From "The Silmarillion, Valaquenta:"


> At times he will come unseen to the shores of Middle-eart, or pass far inland up firths of the sea, and there make music upon his great horns, the Ulumuri, that are wrought of white shell; and those to whom that music comes hear it ever after in their hearts, and longing for the sea never leaves them again.


This, of course, is describing Ulmo.
Is it possible that the cries of the gulls that Legolas heard were actually the music of Ulmo? I think it could be, because we are not told what his music sounds like, and he probably had the ability to facade the music as any noise he wants. Was it, perhaps, Ulmo that was calling Legolas towards the Sea, and not just his natural Elvish desire for the Sea? I think it definitely could be, based on the quote I provided, though it may be a bit far-fetched in this situation. 

Thoughts?


----------



## Gothmog (May 13, 2004)

To say that the cries of the gulls was the music of Ulmo would I think be too confining to that music. More likely is that Ulmo's music included the sound of the Gulls on the Shore.

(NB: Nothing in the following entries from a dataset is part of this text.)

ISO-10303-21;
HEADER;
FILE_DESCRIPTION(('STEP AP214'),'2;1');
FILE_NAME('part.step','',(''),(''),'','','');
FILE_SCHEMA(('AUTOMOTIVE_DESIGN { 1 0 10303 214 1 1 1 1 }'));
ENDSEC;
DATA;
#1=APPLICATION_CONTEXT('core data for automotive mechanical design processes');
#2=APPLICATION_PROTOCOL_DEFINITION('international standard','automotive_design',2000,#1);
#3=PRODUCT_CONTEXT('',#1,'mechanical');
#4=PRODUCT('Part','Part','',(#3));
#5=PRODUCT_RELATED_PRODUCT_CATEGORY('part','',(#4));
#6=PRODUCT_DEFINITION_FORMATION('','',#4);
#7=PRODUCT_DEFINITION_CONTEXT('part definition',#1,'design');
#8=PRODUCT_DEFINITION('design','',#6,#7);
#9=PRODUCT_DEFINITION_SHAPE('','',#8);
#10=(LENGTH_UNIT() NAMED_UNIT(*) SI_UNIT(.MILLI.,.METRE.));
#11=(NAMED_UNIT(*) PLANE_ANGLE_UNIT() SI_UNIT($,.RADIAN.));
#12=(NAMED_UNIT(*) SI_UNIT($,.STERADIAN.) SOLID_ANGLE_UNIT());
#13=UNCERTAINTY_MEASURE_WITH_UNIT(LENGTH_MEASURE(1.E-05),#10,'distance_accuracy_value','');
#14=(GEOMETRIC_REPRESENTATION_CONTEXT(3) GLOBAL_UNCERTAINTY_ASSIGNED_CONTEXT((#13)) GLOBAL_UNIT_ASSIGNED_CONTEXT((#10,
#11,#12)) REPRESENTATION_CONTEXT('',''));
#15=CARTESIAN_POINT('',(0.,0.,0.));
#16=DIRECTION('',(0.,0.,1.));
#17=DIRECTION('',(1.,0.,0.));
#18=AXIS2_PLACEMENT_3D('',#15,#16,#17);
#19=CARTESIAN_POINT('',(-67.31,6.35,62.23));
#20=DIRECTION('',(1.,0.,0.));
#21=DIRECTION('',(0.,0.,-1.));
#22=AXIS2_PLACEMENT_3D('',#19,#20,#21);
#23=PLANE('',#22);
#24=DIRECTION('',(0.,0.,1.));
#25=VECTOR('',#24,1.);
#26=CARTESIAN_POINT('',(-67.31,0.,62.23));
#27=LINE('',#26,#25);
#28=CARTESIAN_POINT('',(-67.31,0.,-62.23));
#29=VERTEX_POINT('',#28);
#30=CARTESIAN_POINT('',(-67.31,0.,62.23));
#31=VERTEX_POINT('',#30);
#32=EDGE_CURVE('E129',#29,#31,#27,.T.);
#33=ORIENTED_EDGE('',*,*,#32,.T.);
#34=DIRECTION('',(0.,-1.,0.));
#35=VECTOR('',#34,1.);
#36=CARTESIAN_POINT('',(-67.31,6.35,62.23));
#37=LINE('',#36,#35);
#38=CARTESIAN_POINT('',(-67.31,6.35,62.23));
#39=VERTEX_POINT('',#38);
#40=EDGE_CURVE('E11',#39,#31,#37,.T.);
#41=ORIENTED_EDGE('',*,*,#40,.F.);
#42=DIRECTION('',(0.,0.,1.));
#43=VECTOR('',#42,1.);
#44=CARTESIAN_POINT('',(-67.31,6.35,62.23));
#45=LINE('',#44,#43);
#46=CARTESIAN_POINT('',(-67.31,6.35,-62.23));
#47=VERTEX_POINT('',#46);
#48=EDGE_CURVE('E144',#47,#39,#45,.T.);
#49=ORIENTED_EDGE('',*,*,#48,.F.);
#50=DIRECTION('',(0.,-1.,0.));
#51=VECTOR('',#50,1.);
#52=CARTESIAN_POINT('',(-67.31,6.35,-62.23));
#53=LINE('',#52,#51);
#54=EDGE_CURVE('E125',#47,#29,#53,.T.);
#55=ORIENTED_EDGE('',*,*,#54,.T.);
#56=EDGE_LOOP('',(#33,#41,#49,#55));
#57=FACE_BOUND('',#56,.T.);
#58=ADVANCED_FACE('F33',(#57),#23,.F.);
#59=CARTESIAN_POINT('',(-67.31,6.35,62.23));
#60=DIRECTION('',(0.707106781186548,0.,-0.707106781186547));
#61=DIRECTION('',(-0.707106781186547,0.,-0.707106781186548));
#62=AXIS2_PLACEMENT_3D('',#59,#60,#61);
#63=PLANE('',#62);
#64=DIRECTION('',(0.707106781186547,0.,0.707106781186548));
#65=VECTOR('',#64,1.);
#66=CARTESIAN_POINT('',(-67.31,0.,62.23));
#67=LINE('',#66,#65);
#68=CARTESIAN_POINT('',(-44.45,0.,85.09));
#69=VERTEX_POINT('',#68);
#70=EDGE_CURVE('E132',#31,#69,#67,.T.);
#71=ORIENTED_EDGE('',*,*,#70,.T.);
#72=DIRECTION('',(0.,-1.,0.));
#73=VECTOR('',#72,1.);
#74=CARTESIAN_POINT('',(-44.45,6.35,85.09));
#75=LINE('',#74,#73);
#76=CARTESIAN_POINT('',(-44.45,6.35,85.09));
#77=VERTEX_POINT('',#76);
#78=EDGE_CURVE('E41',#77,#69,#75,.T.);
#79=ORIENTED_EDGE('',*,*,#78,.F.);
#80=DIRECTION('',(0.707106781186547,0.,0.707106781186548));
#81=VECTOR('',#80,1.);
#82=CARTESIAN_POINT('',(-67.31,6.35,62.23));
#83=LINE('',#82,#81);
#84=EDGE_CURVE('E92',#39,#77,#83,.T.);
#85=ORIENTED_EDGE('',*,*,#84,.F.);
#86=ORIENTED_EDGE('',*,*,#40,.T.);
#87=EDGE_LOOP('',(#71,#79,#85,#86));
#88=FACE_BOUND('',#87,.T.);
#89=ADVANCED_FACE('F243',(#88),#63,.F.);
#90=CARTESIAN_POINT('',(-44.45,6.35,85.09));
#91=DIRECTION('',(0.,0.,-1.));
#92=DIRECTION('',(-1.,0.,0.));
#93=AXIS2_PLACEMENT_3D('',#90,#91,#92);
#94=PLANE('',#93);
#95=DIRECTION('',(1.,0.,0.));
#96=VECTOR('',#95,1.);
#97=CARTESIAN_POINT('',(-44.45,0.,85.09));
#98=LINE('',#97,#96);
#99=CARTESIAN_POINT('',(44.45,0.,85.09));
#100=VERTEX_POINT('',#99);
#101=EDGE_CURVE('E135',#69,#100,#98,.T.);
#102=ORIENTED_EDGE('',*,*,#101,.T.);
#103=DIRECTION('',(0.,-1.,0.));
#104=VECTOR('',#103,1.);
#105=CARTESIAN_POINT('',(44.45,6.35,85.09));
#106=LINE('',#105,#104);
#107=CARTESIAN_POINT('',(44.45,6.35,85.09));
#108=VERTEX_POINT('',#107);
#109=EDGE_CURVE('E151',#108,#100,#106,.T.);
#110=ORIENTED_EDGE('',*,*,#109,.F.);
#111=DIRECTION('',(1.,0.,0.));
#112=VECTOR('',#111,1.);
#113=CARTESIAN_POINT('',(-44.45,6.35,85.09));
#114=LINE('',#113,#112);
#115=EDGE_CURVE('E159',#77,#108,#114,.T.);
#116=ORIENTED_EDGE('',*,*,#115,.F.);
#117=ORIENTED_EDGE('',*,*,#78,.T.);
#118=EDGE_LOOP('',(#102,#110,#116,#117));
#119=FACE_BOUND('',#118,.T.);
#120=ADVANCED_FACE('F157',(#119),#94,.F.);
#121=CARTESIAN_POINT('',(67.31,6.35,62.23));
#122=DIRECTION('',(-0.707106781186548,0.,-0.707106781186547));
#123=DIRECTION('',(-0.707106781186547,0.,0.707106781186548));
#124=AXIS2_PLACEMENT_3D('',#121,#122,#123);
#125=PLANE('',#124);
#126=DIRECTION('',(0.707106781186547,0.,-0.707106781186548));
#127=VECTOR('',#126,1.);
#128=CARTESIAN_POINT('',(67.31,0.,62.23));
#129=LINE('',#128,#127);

With that as part of the music, hearing the cries of Gulls would, in the decendants of Teleri certainly and probably in most elves, call to mind the rest of the Music of Ulmo and therefore the sea-longing and the wish to travel over to the ancient west.


----------



## HLGStrider (May 15, 2004)

My answer would be. . .based on my personal opinion-impressions and nothing else. . .that it was reminiscent of it but not it.


----------



## Hobbit-GalRosie (May 23, 2004)

I'm afraid I made this connection a long time ago, Legolas and the music, and like it too much not to think of it as true...It's kinda like how Tolkien was always big on the applicability of his work, and though I know that it might not really have been true if you asked the man himself it will always be true in my heart. I don't think the gulls actually made the music of Ulmo, but I think that Legolas might have heard both at the same time, since Ulmo's strength remained very much in the waters of the world, or so I recall, but my memory is hardly beyond failure. I rarely thought of the music of Ulmo as being terribly distinct from other sounds in nature, I thought rather that since he was the Ainu that had done most for the creation of water that his music would be the purest and well, noblest, for lack of a better word, rendering of all the melodies of wave and ripple and current. My mind is such that it likes the times when one concept flows seamlessly out of another, and has always appreciated the beauty of the natural world, so that's what I always make of the sea-longing bit, but I can hardly expect that anyone else shares the experience or even cares about my opinion.


----------



## HLGStrider (Sep 7, 2004)

Puts in her vote as someone who cares about Rosie's opinion.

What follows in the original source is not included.